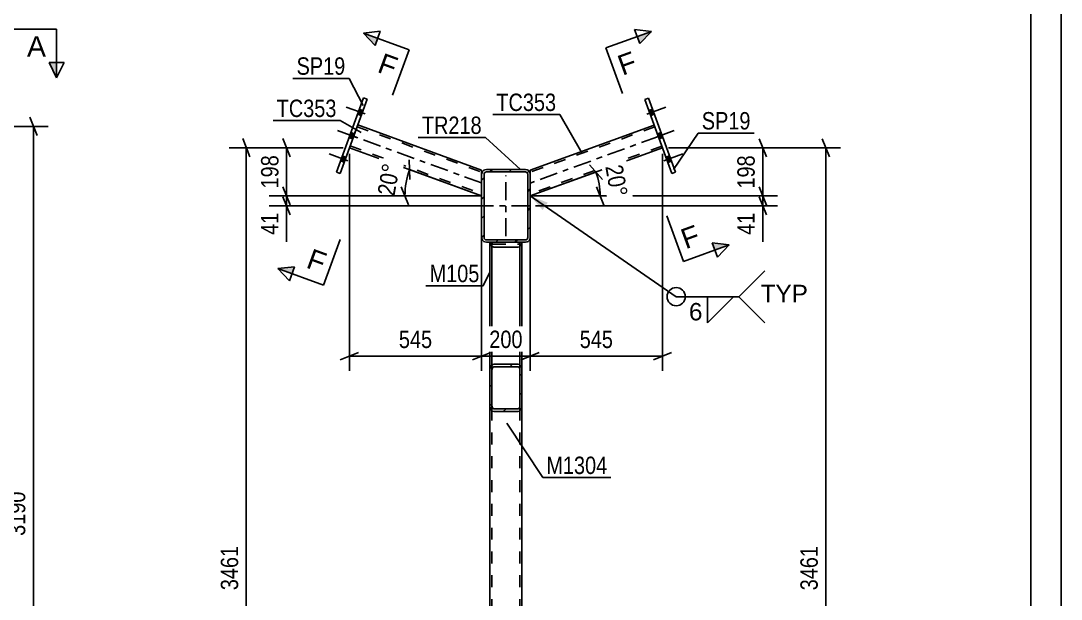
# Model space of a CAD drawing. Header units: millimetres. Extents: x 0 to 841, y 0 to 594.
# Drawn here: x 669.5 to 841, y 350.4 to 445.6 of the extents above; entities that cross this region are included whole.
import ezdxf

# ---------------------------------------------------------------- set-up
doc = ezdxf.new("R2010")
doc.units = ezdxf.units.MM
doc.linetypes.add('DXK_LINE_DOT2', pattern=[3.9198, 1.9599, -1.9599])
doc.linetypes.add('DXK_LINE_DOT3', pattern=[5.9187, 2.979, -0.9799, 0.9799, -0.9799])
doc.styles.add('Arial', font='ARIAL.TTF', dxfattribs={"height": 0.2})
doc.styles.add('Arial Narrow', font='ARIALN.TTF', dxfattribs={"height": 0.2})

# ---------------------------------------------------------------- blocks, each defined once
blk = doc.blocks.new('Unknown-122569972-1162')
at = {"color": 5, "linetype": 'Continuous'}
for p, q in [((841, 0), (841, 594)), ((836, 5), (836, 589))]:
    blk.add_line(p, q, dxfattribs=at)
blk = doc.blocks.new('Part-122569972-1460 - 1405')
at = {"linetype": 'Continuous'}
h = blk.add_hatch(dxfattribs=at)
h.set_pattern_fill('', scale=0.7, style=0, pattern_type=0)
h.set_pattern_definition([(45, (746.854, 382.2126), (-1.57154, 1.57154), [])])
h.paths.add_polyline_path([(746.85, 388.14), (746.85, 382.21), (746.9, 381.85), (747.04, 381.54), (747.25, 381.34), (747.49, 381.26), (751.49, 381.26), (751.74, 381.34), (751.95, 381.54), (752.09, 381.85), (752.13, 382.21), (752.13, 388.14), (752.09, 388.5), (751.95, 388.81), (751.74, 389.02), (751.49, 389.09), (747.49, 389.09), (747.25, 389.02), (747.04, 388.81), (746.9, 388.5)])
h.paths.add_polyline_path([(747.27, 388.48), (747.37, 388.58), (747.49, 388.61), (751.49, 388.61), (751.62, 388.58), (751.72, 388.48), (751.79, 388.32), (751.81, 388.14), (751.81, 382.21), (751.79, 382.03), (751.72, 381.88), (751.62, 381.77), (751.49, 381.74), (747.49, 381.74), (747.37, 381.77), (747.27, 381.88), (747.2, 382.03), (747.17, 382.21), (747.17, 388.14), (747.2, 388.32)])
at = {"color": 2, "linetype": 'Continuous'}
for p, q in [((746.85, 388.14), (746.85, 409.14)), ((752.13, 388.14), (752.13, 409.14)), ((746.9, 388.5), (746.85, 388.14)), ((746.85, 382.21), (746.85, 388.14)), ((747.17, 388.14), (747.2, 388.32)), ((747.17, 382.21), (747.17, 388.14)), ((747.49, 389.09), (747.25, 389.02)), ((747.37, 388.58), (747.49, 388.61)), ((747.49, 389.09), (751.49, 389.09)), ((747.49, 388.61), (751.49, 388.61)), ((751.74, 389.02), (751.49, 389.09)), ((751.49, 388.61), (751.62, 388.58)), ((751.79, 388.32), (751.81, 388.14)), ((751.81, 382.21), (751.81, 388.14)), ((752.13, 388.14), (752.09, 388.5)), ((752.13, 382.21), (752.13, 388.14)), ((746.85, 382.21), (746.9, 381.85)), ((747.2, 382.03), (747.17, 382.21)), ((747.25, 381.34), (747.49, 381.26)), ((747.49, 381.74), (747.37, 381.77)), ((747.49, 381.74), (751.49, 381.74)), ((747.49, 381.26), (751.49, 381.26)), ((751.62, 381.77), (751.49, 381.74)), ((751.49, 381.26), (751.74, 381.34)), ((751.81, 382.21), (751.79, 382.03)), ((752.09, 381.85), (752.13, 382.21))]:
    blk.add_line(p, q, dxfattribs=at)
at = {"color": 7, "linetype": 'DXK_LINE_DOT2'}
for p, q in [((746.85, 409.14), (752.13, 409.14)), ((746.9, 408.92), (746.87, 409.14)), ((747.17, 382.21), (747.17, 409.14)), ((747.19, 409.14), (747.2, 409.11)), ((747.49, 408.34), (747.25, 408.41)), ((747.37, 408.85), (747.49, 408.81)), ((747.49, 408.81), (751.49, 408.81)), ((747.49, 408.34), (751.49, 408.34)), ((751.49, 408.81), (751.62, 408.85)), ((751.74, 408.41), (751.49, 408.34)), ((751.81, 409.14), (751.79, 409.14)), ((751.79, 409.11), (751.79, 409.14)), ((751.81, 382.21), (751.81, 409.14)), ((752.11, 409.14), (752.09, 408.92)), ((746.85, 382.21), (746.85, 388.14)), ((752.13, 382.21), (752.13, 388.14))]:
    blk.add_line(p, q, dxfattribs=at)
for centre, radius, start, end in [((747.74, 409.12), 0.863, 192.9985, 235.0231), ((747.62, 409.2), 0.432, 192.9985, 235.0231), ((751.37, 409.2), 0.432, 304.9769, 347.0015), ((751.24, 409.12), 0.863, 304.9769, 347.0015)]:
    blk.add_arc(centre, radius, start, end, dxfattribs=at)
at = {"color": 2, "linetype": 'Continuous'}
for centre, radius, start, end in [((747.74, 388.31), 0.863, 124.9769, 167.0015), ((747.62, 388.22), 0.432, 124.9769, 167.0015), ((751.37, 388.22), 0.432, 12.9985, 55.0231), ((751.24, 388.31), 0.863, 12.9985, 55.0231), ((747.74, 382.04), 0.863, 192.9985, 235.0231), ((747.62, 382.13), 0.432, 192.9985, 235.0231), ((751.37, 382.13), 0.432, 304.9769, 347.0015), ((751.24, 382.04), 0.863, 304.9769, 347.0015)]:
    blk.add_arc(centre, radius, start, end, dxfattribs=at)
blk = doc.blocks.new('Part-122569972-1440 - 1405')
at = {"color": 7, "linetype": 'DXK_LINE_DOT2'}
for p, q in [((752.13, 409.14), (746.85, 409.14)), ((746.85, 409.14), (746.85, 381.33)), ((746.87, 409.14), (746.9, 408.92)), ((747.17, 381.33), (747.17, 409.14)), ((747.17, 409.14), (747.19, 409.14)), ((747.2, 409.11), (747.19, 409.14)), ((747.25, 408.41), (747.37, 408.37)), ((747.49, 408.81), (747.37, 408.85)), ((747.37, 408.37), (747.49, 408.34)), ((747.49, 408.81), (751.49, 408.81)), ((751.49, 408.34), (747.49, 408.34)), ((751.62, 408.85), (751.49, 408.81)), ((751.49, 408.34), (751.72, 408.41)), ((751.72, 408.41), (751.74, 408.41)), ((751.79, 409.14), (751.79, 409.11)), ((751.81, 381.33), (751.81, 409.14)), ((752.09, 408.92), (752.11, 409.14)), ((752.13, 381.33), (752.13, 409.14))]:
    blk.add_line(p, q, dxfattribs=at)
for centre, radius, start, end in [((747.74, 409.12), 0.863, 192.9985, 235.0231), ((747.62, 409.2), 0.432, 192.9985, 235.0231), ((751.37, 409.2), 0.432, 304.9769, 347.0015), ((751.24, 409.12), 0.863, 304.9769, 347.0015)]:
    blk.add_arc(centre, radius, start, end, dxfattribs=at)
blk = doc.blocks.new('Bolt-122569972-1473 - 1405')
at = {"linetype": 'Continuous'}
for points in [[(773.06, 430.85), (773.36, 430.02), (773.96, 430.24), (773.66, 431.07)], [(773.06, 430.85), (773.36, 430.02), (773.96, 430.24), (773.66, 431.07)], [(773.06, 430.85), (773.36, 430.02), (773.96, 430.24), (773.66, 431.07)], [(774.46, 426.99), (774.76, 426.17), (775.36, 426.39), (775.06, 427.21)], [(774.46, 426.99), (774.76, 426.17), (775.36, 426.39), (775.06, 427.21)], [(775.86, 423.14), (776.16, 422.31), (776.76, 422.53), (776.46, 423.36)], [(775.86, 423.14), (776.16, 422.31), (776.76, 422.53), (776.46, 423.36)], [(775.86, 423.14), (776.16, 422.31), (776.76, 422.53), (776.46, 423.36)]]:
    blk.add_hatch(color=1, dxfattribs=at).paths.add_polyline_path(points)
at = {"color": 1, "linetype": 'Continuous'}
for p, q in [((772.72, 430.26), (775.84, 431.39)), ((772.72, 430.26), (775.84, 431.39)), ((772.72, 430.26), (775.84, 431.39)), ((773.06, 430.85), (773.66, 431.07)), ((773.06, 430.85), (773.66, 431.07)), ((773.06, 430.85), (773.66, 431.07)), ((773.36, 430.02), (773.96, 430.24)), ((773.36, 430.02), (773.96, 430.24)), ((773.36, 430.02), (773.96, 430.24)), ((774.12, 426.4), (777.24, 427.54)), ((774.12, 426.4), (777.24, 427.54)), ((774.46, 426.99), (775.06, 427.21)), ((774.46, 426.99), (775.06, 427.21)), ((774.76, 426.17), (775.36, 426.39)), ((774.76, 426.17), (775.36, 426.39)), ((775.52, 422.55), (778.64, 423.69)), ((775.52, 422.55), (778.64, 423.69)), ((775.52, 422.55), (778.64, 423.69)), ((775.86, 423.14), (776.46, 423.36)), ((775.86, 423.14), (776.46, 423.36)), ((775.86, 423.14), (776.46, 423.36)), ((776.16, 422.31), (776.76, 422.53)), ((776.16, 422.31), (776.76, 422.53)), ((776.16, 422.31), (776.76, 422.53))]:
    blk.add_line(p, q, dxfattribs=at)
blk = doc.blocks.new('Part-122569972-1651 - 1405')
at = {"color": 7, "linetype": 'DXK_LINE_DOT2'}
for p, q in [((725.06, 428.48), (723.69, 424.72)), ((724.95, 428.18), (745.49, 420.71)), ((723.8, 425.02), (745.49, 417.13)), ((745.49, 420.36), (745.49, 416.79))]:
    blk.add_line(p, q, dxfattribs=at)
at = {"color": 2, "linetype": 'Continuous'}
for p, q in [((725.06, 428.48), (745.49, 421.05)), ((723.69, 424.72), (745.49, 416.79)), ((745.49, 421.05), (745.49, 420.36)), ((745.49, 420.36), (745.49, 420.34))]:
    blk.add_line(p, q, dxfattribs=at)
at = {"color": 7, "linetype": 'DXK_LINE_DOT3'}
blk.add_line((745.49, 418.92), (724.38, 426.6), dxfattribs=at)
blk = doc.blocks.new('Bolt-122569972-1471 - 1405')
at = {"linetype": 'Continuous'}
for points in [[(725.63, 430.04), (725.93, 430.87), (725.33, 431.09), (725.03, 430.26)], [(725.63, 430.04), (725.93, 430.87), (725.33, 431.09), (725.03, 430.26)], [(725.63, 430.04), (725.93, 430.87), (725.33, 431.09), (725.03, 430.26)], [(724.23, 426.19), (724.53, 427.02), (723.93, 427.24), (723.63, 426.41)], [(724.23, 426.19), (724.53, 427.02), (723.93, 427.24), (723.63, 426.41)], [(722.82, 422.34), (723.13, 423.16), (722.52, 423.38), (722.22, 422.56)], [(722.82, 422.34), (723.13, 423.16), (722.52, 423.38), (722.22, 422.56)], [(722.82, 422.34), (723.13, 423.16), (722.52, 423.38), (722.22, 422.56)]]:
    blk.add_hatch(color=1, dxfattribs=at).paths.add_polyline_path(points)
at = {"color": 1, "linetype": 'Continuous'}
for p, q in [((726.27, 430.28), (723.15, 431.41)), ((726.27, 430.28), (723.15, 431.41)), ((726.27, 430.28), (723.15, 431.41)), ((725.93, 430.87), (725.33, 431.09)), ((725.93, 430.87), (725.33, 431.09)), ((725.93, 430.87), (725.33, 431.09)), ((725.63, 430.04), (725.03, 430.26)), ((725.63, 430.04), (725.03, 430.26)), ((725.63, 430.04), (725.03, 430.26)), ((724.87, 426.43), (721.75, 427.56)), ((724.87, 426.43), (721.75, 427.56)), ((724.53, 427.02), (723.93, 427.24)), ((724.53, 427.02), (723.93, 427.24)), ((724.23, 426.19), (723.63, 426.41)), ((724.23, 426.19), (723.63, 426.41)), ((723.46, 422.57), (720.34, 423.71)), ((723.46, 422.57), (720.34, 423.71)), ((723.46, 422.57), (720.34, 423.71)), ((722.82, 422.34), (722.22, 422.56)), ((722.82, 422.34), (722.22, 422.56)), ((722.82, 422.34), (722.22, 422.56)), ((723.13, 423.16), (722.52, 423.38)), ((723.13, 423.16), (722.52, 423.38)), ((723.13, 423.16), (722.52, 423.38))]:
    blk.add_line(p, q, dxfattribs=at)
blk = doc.blocks.new('Part-122569972-1505 - 1405')
at = {"color": 2, "linetype": 'Continuous'}
for p, q in [((726, 432.93), (721.55, 420.71)), ((722.15, 420.5), (726.6, 432.71)), ((726, 432.93), (726.6, 432.71)), ((721.55, 420.71), (722.15, 420.5))]:
    blk.add_line(p, q, dxfattribs=at)
blk = doc.blocks.new('Part-122569972-1515 - 1405')
at = {"color": 2, "linetype": 'Continuous'}
for p, q in [((772.99, 432.91), (772.39, 432.69)), ((772.39, 432.69), (776.83, 420.47)), ((772.99, 432.91), (777.44, 420.69)), ((777.44, 420.69), (776.83, 420.47))]:
    blk.add_line(p, q, dxfattribs=at)
blk = doc.blocks.new('Part-122569972-1545 - 1405')
at = {"color": 2, "linetype": 'Continuous'}
for p, q in [((773.93, 428.46), (753.49, 421.02)), ((775.29, 424.7), (753.49, 416.77)), ((753.49, 421.02), (753.49, 420.34))]:
    blk.add_line(p, q, dxfattribs=at)
at = {"color": 7, "linetype": 'DXK_LINE_DOT2'}
for p, q in [((774.04, 428.16), (753.49, 420.68)), ((773.93, 428.46), (775.29, 424.7)), ((775.19, 425), (753.49, 417.11)), ((753.49, 421.02), (753.49, 420.82)), ((753.49, 420.34), (753.49, 416.77))]:
    blk.add_line(p, q, dxfattribs=at)
at = {"color": 7, "linetype": 'DXK_LINE_DOT3'}
blk.add_line((774.61, 426.58), (753.49, 418.89), dxfattribs=at)
blk = doc.blocks.new('Part-122569972-1667 - 1405')
at = {"color": 7, "linetype": 'DXK_LINE_DOT2'}
for p, q in [((746.85, 409.14), (752.13, 409.14)), ((746.85, 382.21), (746.85, 409.14)), ((747.17, 293.54), (747.17, 409.14)), ((751.81, 293.54), (751.81, 409.14)), ((752.13, 382.21), (752.13, 409.14)), ((746.85, 293.54), (746.85, 320.46)), ((752.13, 293.54), (752.13, 320.46)), ((752.13, 293.54), (746.85, 293.54))]:
    blk.add_line(p, q, dxfattribs=at)
at = {"color": 2, "linetype": 'Continuous'}
for p, q in [((746.85, 320.46), (746.85, 382.21)), ((752.13, 320.46), (752.13, 382.21))]:
    blk.add_line(p, q, dxfattribs=at)
blk = doc.blocks.new('Part-122569972-1683 - 1405')
at = {"linetype": 'Continuous'}
h = blk.add_hatch(dxfattribs=at)
h.set_pattern_fill('', scale=0.7, style=0, pattern_type=0)
h.set_pattern_definition([(45, (745.494, 409.9401), (-1.57154, 1.57154), [])])
h.paths.add_polyline_path([(745.49, 420.34), (745.49, 409.94), (745.55, 409.63), (745.73, 409.37), (745.99, 409.2), (746.29, 409.14), (752.69, 409.14), (753, 409.2), (753.26, 409.37), (753.43, 409.63), (753.49, 409.94), (753.49, 420.34), (753.43, 420.65), (753.26, 420.91), (753, 421.08), (752.69, 421.14), (746.29, 421.14), (745.99, 421.08), (745.73, 420.91), (745.55, 420.65)])
h.paths.add_polyline_path([(746.01, 420.62), (746.14, 420.71), (746.29, 420.74), (752.69, 420.74), (752.85, 420.71), (752.98, 420.62), (753.06, 420.49), (753.09, 420.34), (753.09, 409.94), (753.06, 409.79), (752.98, 409.66), (752.85, 409.57), (752.69, 409.54), (746.29, 409.54), (746.14, 409.57), (746.01, 409.66), (745.92, 409.79), (745.89, 409.94), (745.89, 420.34), (745.92, 420.49)])
at = {"color": 2, "linetype": 'Continuous'}
for p, q in [((745.55, 420.65), (745.49, 420.34)), ((745.49, 409.94), (745.49, 420.34)), ((745.89, 420.34), (745.92, 420.49)), ((745.89, 409.94), (745.89, 420.34)), ((746.29, 421.14), (745.99, 421.08)), ((746.14, 420.71), (746.29, 420.74)), ((746.29, 421.14), (752.69, 421.14)), ((746.29, 420.74), (752.69, 420.74)), ((753, 421.08), (752.69, 421.14)), ((752.69, 420.74), (752.85, 420.71)), ((753.06, 420.49), (753.09, 420.34)), ((753.09, 409.94), (753.09, 420.34)), ((753.49, 420.34), (753.43, 420.65)), ((753.49, 409.94), (753.49, 420.34)), ((745.49, 409.94), (745.55, 409.63)), ((745.92, 409.79), (745.89, 409.94)), ((753.09, 409.94), (753.06, 409.79)), ((753.43, 409.63), (753.49, 409.94)), ((745.99, 409.2), (746.29, 409.14)), ((746.29, 409.54), (746.14, 409.57)), ((746.29, 409.54), (752.69, 409.54)), ((746.29, 409.14), (752.69, 409.14)), ((752.85, 409.57), (752.69, 409.54)), ((752.69, 409.14), (753, 409.2))]:
    blk.add_line(p, q, dxfattribs=at)
at = {"color": 7, "linetype": 'DXK_LINE_DOT3'}
for p, q in [((749.49, 410.14), (749.49, 420.14)), ((744.49, 415.14), (754.49, 415.14))]:
    blk.add_line(p, q, dxfattribs=at)
at = {"color": 2, "linetype": 'Continuous'}
for centre, radius, start, end in [((746.29, 420.34), 0.8, 112.5, 157.5), ((746.29, 420.34), 0.4, 112.5, 157.5), ((752.69, 420.34), 0.4, 22.5, 67.5), ((752.69, 420.34), 0.8, 22.5, 67.5), ((746.29, 409.94), 0.4, 202.5, 247.5), ((752.69, 409.94), 0.4, 292.5, 337.5), ((746.29, 409.94), 0.8, 202.5, 247.5), ((752.69, 409.94), 0.8, 292.5, 337.5)]:
    blk.add_arc(centre, radius, start, end, dxfattribs=at)
blk = doc.blocks.new('StraightDimension-122569972-3916 - 3380')
at = {"color": 7, "linetype": 'Continuous'}
for p, q in [((672.23, 426.74), (671.03, 429.74)), ((651.21, 428.24), (674.03, 428.24)), ((671.63, 300.64), (671.63, 428.24)), ((671.03, 302.14), (672.23, 299.14)), ((651.21, 300.64), (674.03, 300.64))]:
    blk.add_line(p, q, dxfattribs=at)
at = {"color": 0}
blk.add_wipeout([(670.88, 368.7), (666.68, 368.7), (666.68, 360.19), (670.88, 360.19)], dxfattribs=at)
at = {"color": 3, "style": 'Arial Narrow'}
blk.add_text('3190', height=2.863, rotation=90.0002, dxfattribs=at).set_placement((670.28, 360.79))
blk = doc.blocks.new('StraightDimension-122569972-1921 - 1405')
at = {"color": 7, "linetype": 'Continuous'}
for p, q in [((775.29, 423.7), (775.29, 387.98)), ((753.49, 415.77), (753.49, 387.98)), ((754.99, 390.98), (751.99, 389.78)), ((773.79, 389.78), (776.79, 390.98)), ((753.49, 390.38), (775.29, 390.38))]:
    blk.add_line(p, q, dxfattribs=at)
at = {"color": 0}
blk.add_wipeout([(767.74, 391.13), (767.74, 395.33), (761.05, 395.33), (761.05, 391.13)], dxfattribs=at)
at = {"color": 3, "style": 'Arial Narrow'}
blk.add_text('545', height=2.863, dxfattribs=at).set_placement((761.65, 391.73))
blk = doc.blocks.new('StraightDimension-122569972-1931 - 1405')
at = {"color": 7, "linetype": 'Continuous'}
for p, q in [((745.49, 415.79), (745.49, 387.98)), ((753.49, 415.77), (753.49, 387.98)), ((743.99, 389.78), (746.99, 390.98)), ((754.99, 390.98), (751.99, 389.78)), ((745.49, 390.38), (753.49, 390.38))]:
    blk.add_line(p, q, dxfattribs=at)
at = {"color": 0}
blk.add_wipeout([(752.84, 391.13), (752.84, 395.33), (746.15, 395.33), (746.15, 391.13)], dxfattribs=at)
at = {"color": 3, "style": 'Arial Narrow'}
blk.add_text('200', height=2.863, dxfattribs=at).set_placement((746.75, 391.73))
blk = doc.blocks.new('AngleDimension-122569972-1841 - 1405')
at = {"color": 7, "linetype": 'Continuous'}
for p, q in [((733.57, 422.73), (733.67, 419.5)), ((744.55, 417.13), (733.62, 421.11)), ((733.62, 421.11), (745.49, 416.79)), ((733.45, 415.29), (732.25, 418.29)), ((732.85, 416.79), (745.49, 416.79))]:
    blk.add_line(p, q, dxfattribs=at)
blk.add_arc((745.49, 416.79), 12.64, 160.0001, 180, dxfattribs=at)
at = {"color": 0}
blk.add_wipeout([(732.72, 422.32), (728.58, 423.05), (727.46, 416.69), (731.6, 415.96)], dxfattribs=at)
at = {"color": 3, "style": 'Arial Narrow'}
blk.add_text('20°', height=2.863, rotation=80.0021, dxfattribs=at).set_placement((731.11, 416.65))
blk = doc.blocks.new('StraightDimension-122569972-1725 - 1405')
at = {"color": 7, "linetype": 'Continuous'}
for p, q in [((791.24, 426.2), (792.44, 423.2)), ((776.29, 424.7), (794.24, 424.7)), ((791.84, 416.77), (791.84, 424.7)), ((754.49, 416.77), (794.24, 416.77)), ((792.44, 415.27), (791.24, 418.27))]:
    blk.add_line(p, q, dxfattribs=at)
at = {"color": 0}
blk.add_wipeout([(791.09, 424.08), (786.89, 424.08), (786.89, 417.39), (791.09, 417.39)], dxfattribs=at)
at = {"color": 3, "style": 'Arial Narrow'}
blk.add_text('198', height=2.863, rotation=90.0002, dxfattribs=at).set_placement((790.49, 417.99))
blk = doc.blocks.new('StraightDimension-122569972-1804 - 1405')
at = {"color": 7, "linetype": 'Continuous'}
for p, q in [((712.75, 426.22), (713.95, 423.22)), ((722.69, 424.72), (710.5, 424.72)), ((713.35, 416.79), (713.35, 424.72)), ((744.49, 416.79), (710.5, 416.79)), ((713.95, 415.29), (712.75, 418.29))]:
    blk.add_line(p, q, dxfattribs=at)
at = {"color": 0}
blk.add_wipeout([(712.6, 424.1), (708.4, 424.1), (708.4, 417.41), (712.6, 417.41)], dxfattribs=at)
at = {"color": 3, "style": 'Arial Narrow'}
blk.add_text('198', height=2.863, rotation=90.0002, dxfattribs=at).set_placement((712, 418.01))
blk = doc.blocks.new('StraightDimension-122569972-1714 - 1405')
at = {"color": 7, "linetype": 'Continuous'}
for p, q in [((802.83, 423.2), (801.63, 426.2)), ((776.29, 424.7), (804.63, 424.7)), ((802.23, 286.25), (802.23, 424.7)), ((801.63, 287.75), (802.83, 284.75)), ((765.77, 286.25), (804.63, 286.25))]:
    blk.add_line(p, q, dxfattribs=at)
at = {"color": 0}
blk.add_wipeout([(801.48, 359.73), (797.28, 359.73), (797.28, 351.22), (801.48, 351.22)], dxfattribs=at)
at = {"color": 3, "style": 'Arial Narrow'}
blk.add_text('3461', height=2.863, rotation=90.0002, dxfattribs=at).set_placement((800.88, 351.82))
blk = doc.blocks.new('StraightDimension-122569972-1736 - 1405')
at = {"color": 7, "linetype": 'Continuous'}
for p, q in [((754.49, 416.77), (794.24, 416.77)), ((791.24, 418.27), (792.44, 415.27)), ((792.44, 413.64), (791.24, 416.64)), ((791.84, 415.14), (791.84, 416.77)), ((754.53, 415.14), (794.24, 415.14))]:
━━━━━━━━━━━━━━━━━━━━━━━━━━━━━━
- [Your instructions]:
Nothing but the lines from the first line of the data through the line with "import ezdxf" belongs in the answer, copied exactly and without pictures.

- [Output for this exercise]:
# Model space of a CAD drawing. Header units: millimetres. Extents: x 0 to 841, y 0 to 594.
# Drawn here: x 669.5 to 841, y 350.4 to 445.6 of the extents above; entities that cross this region are included whole.
import ezdxf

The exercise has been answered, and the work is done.